Photo by Lisa Fotios
We are flooded with information and are addicited. To news. To social media. To research articles on how AI is revolutionizing the way we code and write content.
In this post, I look at information addiction in healthcare. I will propose a method of controlled messaging based on Knuth’s Literate programming in order to reduce cognitive load.
In other words - reduce the amount of noise around us.
Why do we believe we are not getting the right answers from our doctor?
A study in the Tel Aviv Medical Center examined the phenomenon of perceived information quality and availability after realizing that in the hospital, many patients (and their family) felt they were not getting answers — even though the doctors and the medical staff felt that they (the staff) provide them (the patients and family members) with lots of information via interaction in the hospital, by phone, email, at the bedside and in formal letters.
The data from the hospital showed a gap between what the staff were doing and patients/family members prevalent perception that are not getting good enough information from the hospital staff.
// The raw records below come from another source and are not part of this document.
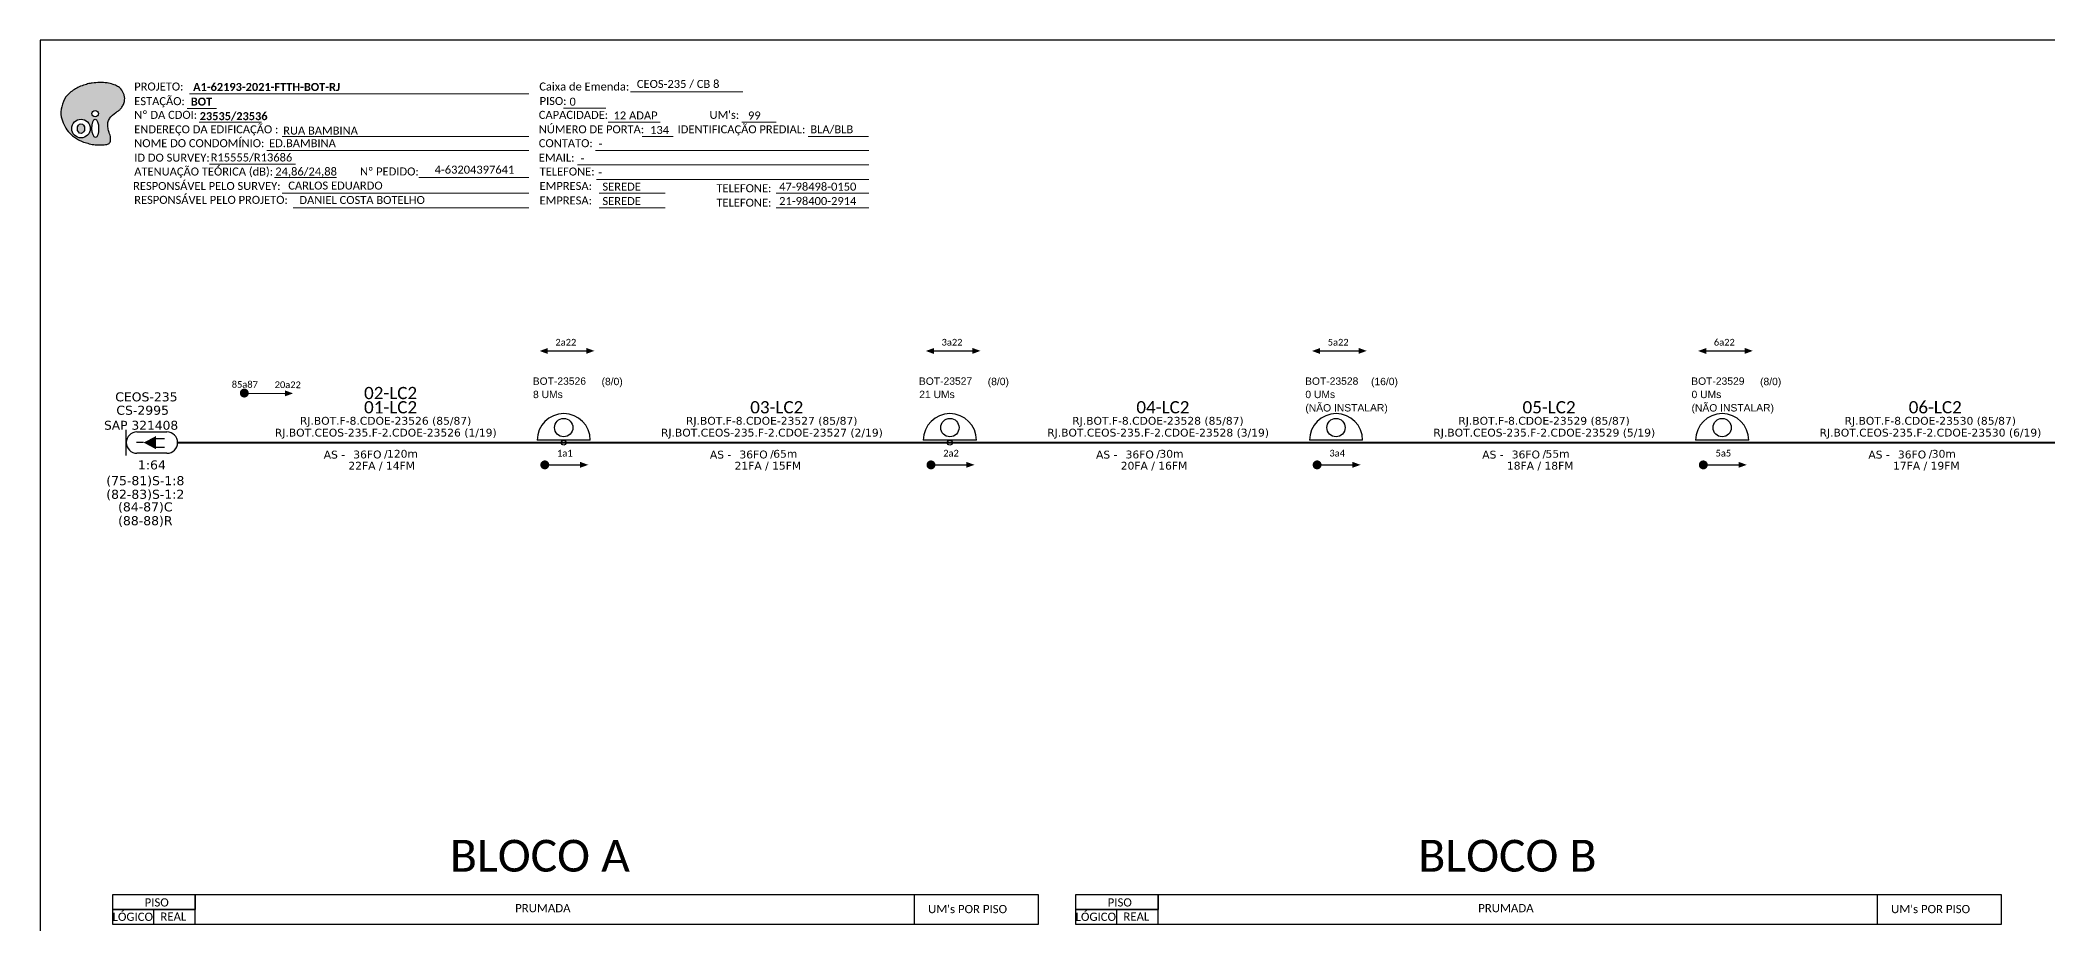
# Model space of a CAD drawing. Extents: x 4313 to 28038, y -9425 to 4777.
# Drawn here: x 18888.9 to 19338.7, y -7058.2 to -6860.1 of the extents above; entities that cross this region are included whole.
import ezdxf
from ezdxf.enums import TextEntityAlignment as Align

# ---------------------------------------------------------------- set-up
doc = ezdxf.new("R2010")
doc.units = ezdxf.units.DM
doc.header["$MEASUREMENT"] = 0
for name, color, linetype, lineweight in [("20.0-LEGENDA DOS CDO'S", 1, 'Continuous', 0), ('20.2-CDO_POSTE', 1, 'Continuous', 5), ('40.1-ETIQUETAS', 1, 'Continuous', 20)]:
    doc.layers.add(name, color=color, linetype=linetype, lineweight=lineweight)
for name, color, linetype in [('20.4-CEOS', 1, 'Continuous'), ('CAP a instalar', 1, 'Continuous'), ('CD de instalação futura', 8, 'Continuous'), ('label_cabos', 7, 'Continuous'), ('SETA', 7, 'Continuous')]:
    doc.layers.add(name, color=color, linetype=linetype)
doc.styles.add('ARIAL', font='arial.ttf')
doc.styles.add('siredit', font='verdana.ttf')
doc.styles.add('WMF-Calibri0', font='calibri.ttf')
doc.styles.add('WMF-Calibri1', font='calibrib.ttf')
doc.linetypes.add('FENCELINE1', pattern='A,0.25,-0.1,[133,ltypeshp.shx,S=0.1,R=0,X=-0.1,Y=0],-0.1,1', length=1.45)

# ---------------------------------------------------------------- blocks, each defined once
blk = doc.blocks.new('ETIQUETA_RS5F')
at = {"layer": '40.1-ETIQUETAS', "color": 0, "style": 'siredit'}
blk.add_text('/', height=1.5, dxfattribs=at).set_placement((1.55, -1.95), align=Align.MIDDLE_RIGHT)
for tag, p in [('ETIQUETA_R_PRIMARIA', (1.18, 4.1)), ('ETIQUETA_R_SECUNDARIA', (1.18, 2.1)), ('F_ATIVAS/F_MORTAS', (1.11, -4.24))]:
    blk.add_attdef(tag, text='', height=1.5, dxfattribs=at).set_placement(p, align=Align.MIDDLE_CENTER)
for tag, p in [('TIPO_CABO', (-6.62, -2.12)), ('CAP_CABO', (0.37, -2.09))]:
    blk.add_attdef(tag, text='', height=1.5, dxfattribs=at).set_placement(p, align=Align.MIDDLE_RIGHT)
blk.add_attdef('METROS', text='', height=1.5, dxfattribs=at).set_placement((2.11, -1.95), align=Align.MIDDLE_LEFT)
for tag, p in [('FUSÃO_1', (0.82, -8.39)), ('FUSÃO_2', (0.82, -10.6)), ('FUSÃO_3', (0.82, -12.93)), ('FUSÃO_4', (0.82, -15.14)), ('FUSÃO_5', (0.82, -17.16))]:
    blk.add_attdef(tag, text='', height=1.5, dxfattribs=at).set_placement(p, align=Align.CENTER)
blk = doc.blocks.new('CDOE-TEXTO PADRÃO')
at = {"layer": "20.0-LEGENDA DOS CDO'S", "color": 0, "style": 'ARIAL'}
for tag, p in [('CDO_N', (0.49, 7.39)), ('CORDOALHA', (0.5, 4.33)), ('SAP', (0.51, 1.67)), ('SPLITER_1', (0.59, -0.91)), ('SPLITER_2', (0.6, -3.55)), ('(XX-XX_F)S', (0.54, -8.29)), ('(XX-XX_L)S', (0.55, -10.83)), ('UMS', (0.55, -13.15))]:
    blk.add_attdef(tag, p, '', height=1.7, rotation=0.118, dxfattribs=at)
blk.add_attdef('FIBRAS_UTILIZADAS', text='', height=1.7, rotation=0.118, dxfattribs=at).set_placement((19.77, 7.43), align=Align.CENTER)
blk = doc.blocks.new('CDOE POSTE_')
at = {"color": 0}
blk.add_line((12.92, -5.49), (-2.38, -5.49), dxfattribs=at)
for centre, radius in [((5.27, -1.86), 2.64), ((5.27, -6.2), 0.708)]:
    blk.add_circle(centre, radius, dxfattribs=at)
blk.add_arc((5.27, -5.49), 7.65, 0, 180, dxfattribs=at)
blk = doc.blocks.new('CEOS_UN_SC')
at = {"layer": '20.4-CEOS', "color": 0}
for p, q in [((-9.11, 2.39), (-2.39, 2.39)), ((-2.39, -2.39), (-9.11, -2.39))]:
    blk.add_line(p, q, dxfattribs=at)
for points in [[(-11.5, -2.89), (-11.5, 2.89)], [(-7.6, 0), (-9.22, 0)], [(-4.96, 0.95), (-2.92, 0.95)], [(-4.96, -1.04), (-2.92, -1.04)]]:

The study uncovered that when patients do have a face-to-face meeting with a doctor in the quiet of the office, they almost always feel that they have been given valuable information, even if they are unhappy with the answers or want to seek a second opinion. A zoom session with the patient is good, but not a replacement for face-to-face interaction.
The key seems to be the setting of how the information is provided and not the quality or essence of the information itself.
Why does this happen? We can understand this by studying framing effects.
Utility is reference-based and not additive
As prospect theory predicts, utility (the value of a product or service) is reference-based and not additive.
What does that mean?
Reference-based value means that more data from medical staff and support groups is less valuable than data received when the frame of reference is a private consultation with a specialist.
Framing favors patients overrating the physical visit with a doctor and underrating generally available digital communications in social media and online search.
Framing suggests that more face-to-face interaction between patients and sites in decentralized clinical trials.may be key to the success of decentralized clinical trials.
Framing effects may also be related to cultural and societal factors. In countries where doctors function within a hierarchy, patients will tend value personal visits to specialists over email, social media, Dr. Google and online patient forums.
Framing effects create mismatched perceptions and expectations in an asymmetric relationship — where patients (at the bottom of the totem pole) get information but do not value it and doctors (the experts at the top of the totem pole) provide information and expect the patient to value the information and become frustrated when the patient downgrades the value of their messages.
2 anecdotes of how digital technology works in patient communications
There is a head of a CF Unit who gives out his mobile phone number to patients and gets over 400 calls/texts a day.
He does this for marketing reasons, because he feels it differentiates him from other specialists and gets him more private patients but his life is indentured to his phone.
Several years ago, because of pressure from patients to answer emails, the head of neurology found himself caught in a vicious cycle of patients getting email messages and expecting immediate answers. He also felt that the emails were not necessarily related to his clinical overview of the patient and possibly created risk exposure. He now writes a short summary letter after an office visit with a patient, prints it out, stamps it with his MD license number and snail-mails it to the patient, explaining that all their communications will be by letters in snail-mail. This slows down the pace, enables him to control the flow and stay focused on the clinical side of patient care.
He confesses that this feels like a retrogressive and archaic solution and wonders if this is the best that digital technology can offer him.
He is technology-adept and would love to adopt digital tools for his patient-doctor communications, but doesn’t see how the current messaging paradigm of email/short text breaks the paradox. As he put it, “if it looks like email, smells like email and functions like email, people will continue to have email expectations of receiving answers immediately.”.
Speculations on alternatives for better messaging
The problem of messaging not achieving it’s goals of making our lives easier has been studied extensively by Sherry Turkle and described in her book — “Connected but alone”. Turkle’s book is interesting but doesn’t offer any solutions.
Social and cultural factors are beyond our control; but the technology is under our control.
We need to consider design alternatives for messaging.
We might consider a different user interface for messaging, one that does not look and smell like email and one that will enable sender and receiver to agree on committed response times.
We may speculate about a drag and drop UI for exchanging messages with patients using a contract of mutually-agreed response time, for example a negotiated cycle time of 1 week for head of neurology and a negotiated cycle time of 10′ for chief of CF.
We may speculate that if the messages looked like formal letters in PDF format from the physician, then the value and risk management issues of email would be mitigated.
We of course can do the simple thing like writing letters, meeting in person and turning off our phones but it seems to me that the technology needs to be improved to enable us to govern the message flow to our own person cycle times, to interact with friends in small clusters and not be distracted by birthdays, food and pet pictures and advertising.
Controlled literacy and negotiated primary response times
There is a methodology created by Donald Knuth called Literate programming
The analog of this would be literate writing for messaging.
An ideal model for messaging would support both short message texting (low fidelity content) and literate writing (high fidelity content) and include negotiated cycle times between sender and receiver in order to solve the problem of unmet expectations.
A system of low and high-fidelity messaging with negotiated cycle times would reduce our cognitive load and enable us to pay more attention to problem solving.